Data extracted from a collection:
* * * * * * * * *
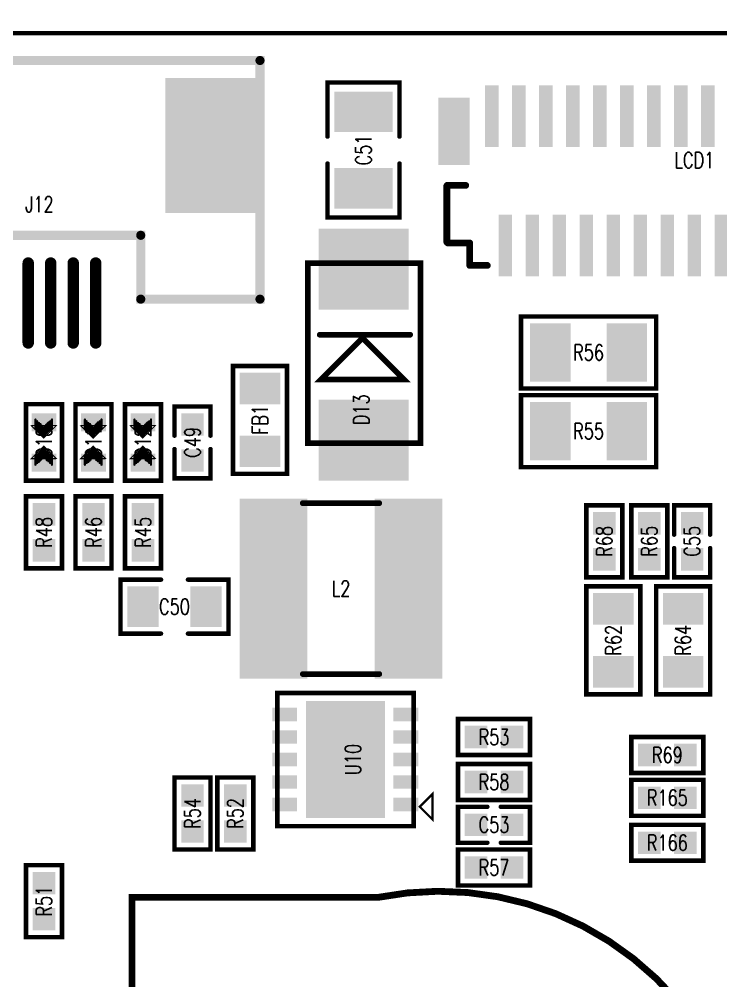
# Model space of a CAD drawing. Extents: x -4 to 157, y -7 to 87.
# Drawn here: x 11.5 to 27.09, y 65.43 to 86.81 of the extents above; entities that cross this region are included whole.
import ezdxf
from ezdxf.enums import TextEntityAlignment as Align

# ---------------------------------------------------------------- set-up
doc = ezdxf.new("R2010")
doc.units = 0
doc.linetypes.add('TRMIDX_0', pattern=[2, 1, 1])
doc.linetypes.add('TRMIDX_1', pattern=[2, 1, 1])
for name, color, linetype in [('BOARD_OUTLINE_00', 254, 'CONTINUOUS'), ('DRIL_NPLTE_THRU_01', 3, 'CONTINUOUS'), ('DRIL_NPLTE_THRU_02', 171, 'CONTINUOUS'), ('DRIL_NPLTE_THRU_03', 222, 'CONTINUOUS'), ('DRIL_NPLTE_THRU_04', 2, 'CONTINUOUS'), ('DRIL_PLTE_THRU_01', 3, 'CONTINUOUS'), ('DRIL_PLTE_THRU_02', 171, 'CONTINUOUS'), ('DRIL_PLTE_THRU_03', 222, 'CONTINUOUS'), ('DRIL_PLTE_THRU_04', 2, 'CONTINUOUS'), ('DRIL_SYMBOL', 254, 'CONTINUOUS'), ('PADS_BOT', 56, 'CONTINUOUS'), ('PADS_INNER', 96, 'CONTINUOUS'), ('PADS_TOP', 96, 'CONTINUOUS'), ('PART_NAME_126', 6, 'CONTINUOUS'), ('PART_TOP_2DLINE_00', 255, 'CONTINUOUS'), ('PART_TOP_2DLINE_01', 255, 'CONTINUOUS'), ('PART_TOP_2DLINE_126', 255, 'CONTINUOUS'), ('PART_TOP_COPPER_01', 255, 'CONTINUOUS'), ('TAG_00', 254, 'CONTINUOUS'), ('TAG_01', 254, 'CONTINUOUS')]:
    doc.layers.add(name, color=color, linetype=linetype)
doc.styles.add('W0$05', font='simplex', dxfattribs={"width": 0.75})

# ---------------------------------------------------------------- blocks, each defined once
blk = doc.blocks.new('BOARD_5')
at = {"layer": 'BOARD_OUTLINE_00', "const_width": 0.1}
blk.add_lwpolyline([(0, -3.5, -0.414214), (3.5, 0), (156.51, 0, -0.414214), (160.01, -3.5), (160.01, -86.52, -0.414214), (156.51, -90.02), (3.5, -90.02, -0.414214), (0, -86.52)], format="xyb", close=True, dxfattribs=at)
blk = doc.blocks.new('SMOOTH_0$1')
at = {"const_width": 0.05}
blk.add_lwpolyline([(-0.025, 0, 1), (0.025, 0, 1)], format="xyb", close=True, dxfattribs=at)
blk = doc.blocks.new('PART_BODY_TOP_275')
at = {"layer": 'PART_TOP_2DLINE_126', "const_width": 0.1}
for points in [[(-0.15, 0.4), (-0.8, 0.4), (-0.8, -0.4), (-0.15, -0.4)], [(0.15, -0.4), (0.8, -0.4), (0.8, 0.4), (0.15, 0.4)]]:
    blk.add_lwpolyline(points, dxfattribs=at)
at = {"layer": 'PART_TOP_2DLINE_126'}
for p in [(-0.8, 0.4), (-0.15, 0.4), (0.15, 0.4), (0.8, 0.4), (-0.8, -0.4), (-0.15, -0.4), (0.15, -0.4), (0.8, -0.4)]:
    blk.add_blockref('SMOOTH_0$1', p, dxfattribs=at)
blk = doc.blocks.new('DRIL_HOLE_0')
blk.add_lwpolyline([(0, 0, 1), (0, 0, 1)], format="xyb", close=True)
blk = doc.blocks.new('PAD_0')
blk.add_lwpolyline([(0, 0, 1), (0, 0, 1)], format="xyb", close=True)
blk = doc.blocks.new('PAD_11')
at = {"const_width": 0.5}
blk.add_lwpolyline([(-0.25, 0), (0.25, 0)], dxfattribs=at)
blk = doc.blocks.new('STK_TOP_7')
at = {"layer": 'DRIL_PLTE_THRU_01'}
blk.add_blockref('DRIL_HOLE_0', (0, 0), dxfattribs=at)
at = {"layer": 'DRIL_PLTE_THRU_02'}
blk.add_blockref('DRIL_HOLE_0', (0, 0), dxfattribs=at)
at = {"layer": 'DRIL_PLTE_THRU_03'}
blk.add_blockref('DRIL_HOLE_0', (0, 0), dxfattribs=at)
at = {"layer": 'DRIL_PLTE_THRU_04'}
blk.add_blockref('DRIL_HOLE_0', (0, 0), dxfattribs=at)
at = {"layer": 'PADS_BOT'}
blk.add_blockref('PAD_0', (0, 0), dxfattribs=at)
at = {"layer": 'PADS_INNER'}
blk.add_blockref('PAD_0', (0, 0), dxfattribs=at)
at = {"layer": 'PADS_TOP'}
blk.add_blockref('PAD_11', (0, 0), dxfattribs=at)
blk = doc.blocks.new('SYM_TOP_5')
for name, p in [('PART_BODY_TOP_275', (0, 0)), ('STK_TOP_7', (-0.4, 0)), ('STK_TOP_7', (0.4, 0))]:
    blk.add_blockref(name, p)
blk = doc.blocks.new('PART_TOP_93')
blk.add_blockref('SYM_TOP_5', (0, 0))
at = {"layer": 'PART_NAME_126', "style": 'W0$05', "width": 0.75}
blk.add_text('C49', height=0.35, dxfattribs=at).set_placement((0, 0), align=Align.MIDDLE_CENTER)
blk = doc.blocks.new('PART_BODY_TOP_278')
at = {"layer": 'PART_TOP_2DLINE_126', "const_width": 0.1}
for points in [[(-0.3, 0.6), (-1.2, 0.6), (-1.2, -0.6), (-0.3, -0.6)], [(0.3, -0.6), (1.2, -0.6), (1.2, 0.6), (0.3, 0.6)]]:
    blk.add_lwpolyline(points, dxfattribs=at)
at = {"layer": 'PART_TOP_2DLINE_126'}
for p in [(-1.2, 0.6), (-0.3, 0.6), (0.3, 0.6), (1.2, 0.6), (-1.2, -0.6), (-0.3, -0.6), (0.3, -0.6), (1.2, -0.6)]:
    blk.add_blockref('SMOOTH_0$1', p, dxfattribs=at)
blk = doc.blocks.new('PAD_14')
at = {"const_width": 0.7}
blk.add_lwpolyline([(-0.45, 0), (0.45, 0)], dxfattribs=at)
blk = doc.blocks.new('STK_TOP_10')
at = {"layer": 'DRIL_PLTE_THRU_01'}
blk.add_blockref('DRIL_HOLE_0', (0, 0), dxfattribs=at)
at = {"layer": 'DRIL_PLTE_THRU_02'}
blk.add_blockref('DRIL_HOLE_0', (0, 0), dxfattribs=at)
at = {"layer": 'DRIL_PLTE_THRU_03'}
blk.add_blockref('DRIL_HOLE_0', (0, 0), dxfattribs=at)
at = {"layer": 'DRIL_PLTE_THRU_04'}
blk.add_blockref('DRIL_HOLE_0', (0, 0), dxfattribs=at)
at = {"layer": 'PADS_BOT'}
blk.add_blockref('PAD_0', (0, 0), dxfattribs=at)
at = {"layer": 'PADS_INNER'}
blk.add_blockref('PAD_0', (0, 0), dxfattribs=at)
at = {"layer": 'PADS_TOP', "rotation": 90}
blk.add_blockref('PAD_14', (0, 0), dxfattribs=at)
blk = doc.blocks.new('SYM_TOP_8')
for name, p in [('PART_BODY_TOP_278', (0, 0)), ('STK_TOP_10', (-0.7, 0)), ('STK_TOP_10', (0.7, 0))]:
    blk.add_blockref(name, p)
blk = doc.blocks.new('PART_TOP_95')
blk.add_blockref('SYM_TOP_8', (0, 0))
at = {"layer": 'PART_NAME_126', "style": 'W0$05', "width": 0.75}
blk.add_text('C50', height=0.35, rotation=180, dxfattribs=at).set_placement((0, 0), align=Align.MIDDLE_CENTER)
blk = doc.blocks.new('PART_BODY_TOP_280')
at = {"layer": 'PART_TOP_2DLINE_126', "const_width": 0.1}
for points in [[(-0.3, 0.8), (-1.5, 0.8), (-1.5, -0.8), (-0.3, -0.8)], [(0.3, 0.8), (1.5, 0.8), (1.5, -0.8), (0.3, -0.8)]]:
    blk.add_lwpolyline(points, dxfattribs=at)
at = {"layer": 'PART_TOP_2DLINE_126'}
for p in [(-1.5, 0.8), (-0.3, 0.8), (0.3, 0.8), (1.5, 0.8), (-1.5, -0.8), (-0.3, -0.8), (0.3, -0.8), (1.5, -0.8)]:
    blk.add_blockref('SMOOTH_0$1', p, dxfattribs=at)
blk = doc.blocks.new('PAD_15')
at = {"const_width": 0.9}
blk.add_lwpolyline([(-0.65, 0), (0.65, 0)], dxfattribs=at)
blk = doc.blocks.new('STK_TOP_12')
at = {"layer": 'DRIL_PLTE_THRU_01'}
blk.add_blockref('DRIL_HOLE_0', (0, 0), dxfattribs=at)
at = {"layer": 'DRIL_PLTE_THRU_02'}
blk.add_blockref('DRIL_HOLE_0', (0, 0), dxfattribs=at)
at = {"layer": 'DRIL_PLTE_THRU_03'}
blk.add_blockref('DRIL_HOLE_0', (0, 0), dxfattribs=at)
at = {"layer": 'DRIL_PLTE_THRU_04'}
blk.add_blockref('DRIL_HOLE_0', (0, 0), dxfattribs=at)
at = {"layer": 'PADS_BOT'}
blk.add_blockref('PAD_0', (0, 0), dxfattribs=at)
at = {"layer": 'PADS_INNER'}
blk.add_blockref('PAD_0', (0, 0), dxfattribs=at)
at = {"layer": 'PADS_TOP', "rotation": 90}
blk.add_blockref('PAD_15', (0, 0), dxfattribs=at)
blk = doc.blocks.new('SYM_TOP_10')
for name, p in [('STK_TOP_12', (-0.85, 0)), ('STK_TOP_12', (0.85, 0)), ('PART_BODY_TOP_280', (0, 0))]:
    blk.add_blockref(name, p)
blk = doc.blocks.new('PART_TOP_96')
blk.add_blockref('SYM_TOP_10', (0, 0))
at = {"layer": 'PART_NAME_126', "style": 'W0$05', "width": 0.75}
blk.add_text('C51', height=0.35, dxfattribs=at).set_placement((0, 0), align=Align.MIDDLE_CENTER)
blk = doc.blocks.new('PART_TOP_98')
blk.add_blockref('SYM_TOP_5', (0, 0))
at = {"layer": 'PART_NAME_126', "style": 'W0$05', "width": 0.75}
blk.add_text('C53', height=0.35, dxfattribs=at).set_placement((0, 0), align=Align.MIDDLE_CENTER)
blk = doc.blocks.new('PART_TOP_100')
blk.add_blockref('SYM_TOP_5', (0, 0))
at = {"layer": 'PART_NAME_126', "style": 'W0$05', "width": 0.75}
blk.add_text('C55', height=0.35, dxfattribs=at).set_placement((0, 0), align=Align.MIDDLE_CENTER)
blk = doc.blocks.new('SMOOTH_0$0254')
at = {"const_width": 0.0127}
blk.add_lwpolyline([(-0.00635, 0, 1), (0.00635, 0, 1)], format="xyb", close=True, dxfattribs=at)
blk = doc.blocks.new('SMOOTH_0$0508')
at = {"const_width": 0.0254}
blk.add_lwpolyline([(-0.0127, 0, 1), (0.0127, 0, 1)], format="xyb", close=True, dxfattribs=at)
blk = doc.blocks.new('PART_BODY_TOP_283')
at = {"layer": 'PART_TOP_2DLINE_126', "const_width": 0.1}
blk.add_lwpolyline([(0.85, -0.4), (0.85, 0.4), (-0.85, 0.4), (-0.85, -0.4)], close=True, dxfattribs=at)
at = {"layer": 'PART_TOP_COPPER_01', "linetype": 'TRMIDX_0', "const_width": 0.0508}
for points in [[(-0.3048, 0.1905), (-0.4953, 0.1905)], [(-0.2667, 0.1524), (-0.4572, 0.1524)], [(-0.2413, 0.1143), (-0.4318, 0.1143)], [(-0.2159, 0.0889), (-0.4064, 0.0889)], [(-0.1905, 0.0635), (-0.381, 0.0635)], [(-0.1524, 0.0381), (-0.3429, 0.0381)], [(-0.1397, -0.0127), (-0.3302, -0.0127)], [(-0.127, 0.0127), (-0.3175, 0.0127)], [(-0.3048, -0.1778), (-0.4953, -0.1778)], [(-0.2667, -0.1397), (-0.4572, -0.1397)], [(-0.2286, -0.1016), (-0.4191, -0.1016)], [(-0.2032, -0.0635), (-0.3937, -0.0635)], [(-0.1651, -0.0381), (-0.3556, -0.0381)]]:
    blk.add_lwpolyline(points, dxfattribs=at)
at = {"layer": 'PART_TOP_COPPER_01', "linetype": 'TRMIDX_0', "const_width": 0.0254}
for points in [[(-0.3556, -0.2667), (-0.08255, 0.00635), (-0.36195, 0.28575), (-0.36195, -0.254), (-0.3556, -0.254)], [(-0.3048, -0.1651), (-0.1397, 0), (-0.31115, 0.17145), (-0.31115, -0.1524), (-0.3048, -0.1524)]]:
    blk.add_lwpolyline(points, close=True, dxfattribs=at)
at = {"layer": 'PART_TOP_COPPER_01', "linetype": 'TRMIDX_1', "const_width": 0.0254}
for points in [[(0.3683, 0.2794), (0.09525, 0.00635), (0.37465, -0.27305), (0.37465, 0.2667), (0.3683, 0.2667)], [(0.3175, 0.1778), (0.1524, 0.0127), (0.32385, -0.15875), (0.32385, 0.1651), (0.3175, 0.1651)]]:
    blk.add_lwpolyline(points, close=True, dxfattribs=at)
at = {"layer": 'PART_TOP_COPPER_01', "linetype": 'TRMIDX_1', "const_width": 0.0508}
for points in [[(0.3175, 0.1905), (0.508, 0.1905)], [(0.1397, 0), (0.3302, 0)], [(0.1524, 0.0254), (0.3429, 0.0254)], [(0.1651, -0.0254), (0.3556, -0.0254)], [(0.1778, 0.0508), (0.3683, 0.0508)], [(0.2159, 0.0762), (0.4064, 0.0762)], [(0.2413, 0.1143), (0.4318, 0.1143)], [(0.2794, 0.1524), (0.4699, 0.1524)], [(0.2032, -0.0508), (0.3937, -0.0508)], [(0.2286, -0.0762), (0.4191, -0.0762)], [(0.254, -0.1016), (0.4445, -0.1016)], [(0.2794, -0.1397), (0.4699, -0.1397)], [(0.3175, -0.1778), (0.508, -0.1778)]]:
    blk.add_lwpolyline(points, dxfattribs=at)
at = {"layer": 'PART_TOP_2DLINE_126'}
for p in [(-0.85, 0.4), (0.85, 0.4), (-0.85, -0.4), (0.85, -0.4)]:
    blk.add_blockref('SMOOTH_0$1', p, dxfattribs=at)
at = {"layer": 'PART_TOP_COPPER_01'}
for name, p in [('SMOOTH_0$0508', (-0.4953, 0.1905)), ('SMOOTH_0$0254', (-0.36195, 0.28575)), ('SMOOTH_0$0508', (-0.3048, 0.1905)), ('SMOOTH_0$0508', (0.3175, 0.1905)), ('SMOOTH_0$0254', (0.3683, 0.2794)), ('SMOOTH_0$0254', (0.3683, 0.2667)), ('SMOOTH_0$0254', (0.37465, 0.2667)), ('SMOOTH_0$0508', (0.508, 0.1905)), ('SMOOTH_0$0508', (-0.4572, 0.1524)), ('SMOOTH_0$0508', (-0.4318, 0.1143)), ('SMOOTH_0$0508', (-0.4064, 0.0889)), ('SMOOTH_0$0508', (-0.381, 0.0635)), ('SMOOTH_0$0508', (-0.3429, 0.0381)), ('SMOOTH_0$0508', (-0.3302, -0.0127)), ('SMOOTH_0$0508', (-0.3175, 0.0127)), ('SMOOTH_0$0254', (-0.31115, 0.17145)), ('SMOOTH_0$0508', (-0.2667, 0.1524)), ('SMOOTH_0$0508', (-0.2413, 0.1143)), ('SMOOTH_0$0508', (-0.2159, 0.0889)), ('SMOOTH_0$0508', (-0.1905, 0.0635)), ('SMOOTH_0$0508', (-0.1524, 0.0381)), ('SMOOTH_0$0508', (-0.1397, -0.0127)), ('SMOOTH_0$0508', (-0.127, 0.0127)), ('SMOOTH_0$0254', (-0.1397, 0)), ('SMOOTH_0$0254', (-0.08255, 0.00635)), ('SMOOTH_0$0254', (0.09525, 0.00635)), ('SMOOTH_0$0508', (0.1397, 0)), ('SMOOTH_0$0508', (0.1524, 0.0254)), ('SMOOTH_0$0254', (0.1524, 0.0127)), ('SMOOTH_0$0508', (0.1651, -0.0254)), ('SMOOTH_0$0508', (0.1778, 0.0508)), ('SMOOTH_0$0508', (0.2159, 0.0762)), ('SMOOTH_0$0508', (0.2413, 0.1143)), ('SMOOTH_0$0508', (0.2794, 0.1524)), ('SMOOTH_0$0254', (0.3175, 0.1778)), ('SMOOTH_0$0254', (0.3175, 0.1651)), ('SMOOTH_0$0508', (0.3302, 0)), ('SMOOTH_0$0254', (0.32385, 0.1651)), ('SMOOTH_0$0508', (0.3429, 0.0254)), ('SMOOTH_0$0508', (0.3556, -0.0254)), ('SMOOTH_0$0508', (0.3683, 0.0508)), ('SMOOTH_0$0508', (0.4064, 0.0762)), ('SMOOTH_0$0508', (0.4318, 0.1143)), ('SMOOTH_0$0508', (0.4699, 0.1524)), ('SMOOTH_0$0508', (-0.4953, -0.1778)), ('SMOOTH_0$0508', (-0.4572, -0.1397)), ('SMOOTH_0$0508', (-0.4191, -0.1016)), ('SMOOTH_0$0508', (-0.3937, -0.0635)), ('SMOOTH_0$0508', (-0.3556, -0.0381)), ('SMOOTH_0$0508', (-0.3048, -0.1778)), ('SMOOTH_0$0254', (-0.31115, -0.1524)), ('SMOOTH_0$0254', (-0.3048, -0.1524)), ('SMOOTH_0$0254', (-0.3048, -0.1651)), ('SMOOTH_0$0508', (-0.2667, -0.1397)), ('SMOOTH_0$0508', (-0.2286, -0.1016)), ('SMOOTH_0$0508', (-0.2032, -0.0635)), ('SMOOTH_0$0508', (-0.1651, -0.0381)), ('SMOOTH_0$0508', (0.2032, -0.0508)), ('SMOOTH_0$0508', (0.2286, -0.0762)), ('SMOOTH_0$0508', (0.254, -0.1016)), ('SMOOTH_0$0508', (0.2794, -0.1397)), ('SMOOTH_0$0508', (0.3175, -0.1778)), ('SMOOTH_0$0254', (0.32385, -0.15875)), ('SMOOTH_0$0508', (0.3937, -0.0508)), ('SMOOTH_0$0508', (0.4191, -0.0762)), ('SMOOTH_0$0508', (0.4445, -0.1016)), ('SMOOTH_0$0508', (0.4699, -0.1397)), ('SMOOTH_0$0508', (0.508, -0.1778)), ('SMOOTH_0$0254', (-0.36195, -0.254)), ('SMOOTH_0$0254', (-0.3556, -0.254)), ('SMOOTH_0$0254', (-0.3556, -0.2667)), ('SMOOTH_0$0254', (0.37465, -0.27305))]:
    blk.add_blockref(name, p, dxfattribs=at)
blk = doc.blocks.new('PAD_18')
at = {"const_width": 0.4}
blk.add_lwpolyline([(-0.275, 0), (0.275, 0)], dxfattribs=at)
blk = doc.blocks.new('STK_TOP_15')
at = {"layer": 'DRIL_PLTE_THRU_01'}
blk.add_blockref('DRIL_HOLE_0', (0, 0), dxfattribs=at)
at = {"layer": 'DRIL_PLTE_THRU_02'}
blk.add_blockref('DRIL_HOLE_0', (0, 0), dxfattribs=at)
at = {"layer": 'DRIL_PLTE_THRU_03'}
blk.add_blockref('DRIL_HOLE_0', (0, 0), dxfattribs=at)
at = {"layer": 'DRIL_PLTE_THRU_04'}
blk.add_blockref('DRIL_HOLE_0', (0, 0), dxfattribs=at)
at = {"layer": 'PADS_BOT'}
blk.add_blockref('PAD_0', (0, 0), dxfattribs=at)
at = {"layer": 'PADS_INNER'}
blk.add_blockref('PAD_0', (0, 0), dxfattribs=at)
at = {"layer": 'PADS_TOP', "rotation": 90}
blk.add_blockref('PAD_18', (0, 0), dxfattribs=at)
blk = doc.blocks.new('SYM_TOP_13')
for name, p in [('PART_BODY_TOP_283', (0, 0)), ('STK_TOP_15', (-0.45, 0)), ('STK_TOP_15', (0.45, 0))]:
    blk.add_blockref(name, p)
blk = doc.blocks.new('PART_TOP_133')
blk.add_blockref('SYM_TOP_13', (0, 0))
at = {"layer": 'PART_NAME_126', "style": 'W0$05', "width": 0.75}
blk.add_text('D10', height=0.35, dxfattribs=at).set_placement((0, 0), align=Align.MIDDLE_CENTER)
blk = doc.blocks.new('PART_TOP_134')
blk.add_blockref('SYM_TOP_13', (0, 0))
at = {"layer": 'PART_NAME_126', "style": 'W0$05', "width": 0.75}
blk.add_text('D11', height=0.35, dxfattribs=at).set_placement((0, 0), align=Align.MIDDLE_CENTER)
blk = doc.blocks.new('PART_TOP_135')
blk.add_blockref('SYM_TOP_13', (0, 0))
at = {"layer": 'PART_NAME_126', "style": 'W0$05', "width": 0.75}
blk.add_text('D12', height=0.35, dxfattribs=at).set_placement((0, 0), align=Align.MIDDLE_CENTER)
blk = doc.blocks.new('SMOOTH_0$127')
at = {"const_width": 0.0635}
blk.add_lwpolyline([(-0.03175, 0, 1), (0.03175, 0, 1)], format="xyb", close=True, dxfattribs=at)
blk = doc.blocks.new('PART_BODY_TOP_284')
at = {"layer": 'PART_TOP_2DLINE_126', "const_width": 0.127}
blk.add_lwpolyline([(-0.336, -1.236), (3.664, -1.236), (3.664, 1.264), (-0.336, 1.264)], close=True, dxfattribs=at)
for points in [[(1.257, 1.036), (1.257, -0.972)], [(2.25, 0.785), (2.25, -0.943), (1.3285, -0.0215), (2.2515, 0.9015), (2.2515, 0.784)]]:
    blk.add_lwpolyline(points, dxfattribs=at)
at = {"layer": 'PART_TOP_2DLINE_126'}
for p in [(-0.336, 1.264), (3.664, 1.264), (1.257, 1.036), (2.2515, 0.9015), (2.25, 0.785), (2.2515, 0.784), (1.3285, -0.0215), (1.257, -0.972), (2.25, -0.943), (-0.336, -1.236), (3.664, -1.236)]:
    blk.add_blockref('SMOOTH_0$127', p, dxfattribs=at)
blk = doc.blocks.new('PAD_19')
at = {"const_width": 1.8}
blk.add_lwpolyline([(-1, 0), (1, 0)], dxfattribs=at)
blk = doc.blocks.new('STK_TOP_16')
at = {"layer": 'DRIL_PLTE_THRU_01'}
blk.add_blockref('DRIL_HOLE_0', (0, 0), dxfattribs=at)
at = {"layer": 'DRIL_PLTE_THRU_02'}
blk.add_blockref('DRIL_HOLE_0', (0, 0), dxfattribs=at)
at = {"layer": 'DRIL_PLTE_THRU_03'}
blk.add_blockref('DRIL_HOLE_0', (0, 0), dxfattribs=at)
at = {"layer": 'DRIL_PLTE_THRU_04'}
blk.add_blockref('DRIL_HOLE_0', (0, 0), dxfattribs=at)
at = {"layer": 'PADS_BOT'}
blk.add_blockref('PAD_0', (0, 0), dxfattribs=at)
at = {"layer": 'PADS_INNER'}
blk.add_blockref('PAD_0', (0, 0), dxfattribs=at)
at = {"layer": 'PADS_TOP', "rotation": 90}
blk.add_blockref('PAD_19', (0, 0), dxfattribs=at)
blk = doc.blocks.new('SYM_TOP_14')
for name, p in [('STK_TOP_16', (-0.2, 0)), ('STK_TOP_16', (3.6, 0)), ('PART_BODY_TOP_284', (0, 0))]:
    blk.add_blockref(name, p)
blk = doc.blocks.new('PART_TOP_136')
* * * * * * * * *
= Problem description =
For each line in the data that contains the string "True", give a copy of that line.

= Response area =
blk.add_lwpolyline([(0, -3.5, -0.414214), (3.5, 0), (156.51, 0, -0.414214), (160.01, -3.5), (160.01, -86.52, -0.414214), (156.51, -90.02), (3.5, -90.02, -0.414214), (0, -86.52)], format="xyb", close=True, dxfattribs=at)
blk.add_lwpolyline([(-0.025, 0, 1), (0.025, 0, 1)], format="xyb", close=True, dxfattribs=at)
blk.add_lwpolyline([(0, 0, 1), (0, 0, 1)], format="xyb", close=True)
blk.add_lwpolyline([(0, 0, 1), (0, 0, 1)], format="xyb", close=True)
blk.add_lwpolyline([(-0.00635, 0, 1), (0.00635, 0, 1)], format="xyb", close=True, dxfattribs=at)
blk.add_lwpolyline([(-0.0127, 0, 1), (0.0127, 0, 1)], format="xyb", close=True, dxfattribs=at)
blk.add_lwpolyline([(0.85, -0.4), (0.85, 0.4), (-0.85, 0.4), (-0.85, -0.4)], close=True, dxfattribs=at)
    blk.add_lwpolyline(points, close=True, dxfattribs=at)
    blk.add_lwpolyline(points, close=True, dxfattribs=at)
blk.add_lwpolyline([(-0.03175, 0, 1), (0.03175, 0, 1)], format="xyb", close=True, dxfattribs=at)
blk.add_lwpolyline([(-0.336, -1.236), (3.664, -1.236), (3.664, 1.264), (-0.336, 1.264)], close=True, dxfattribs=at)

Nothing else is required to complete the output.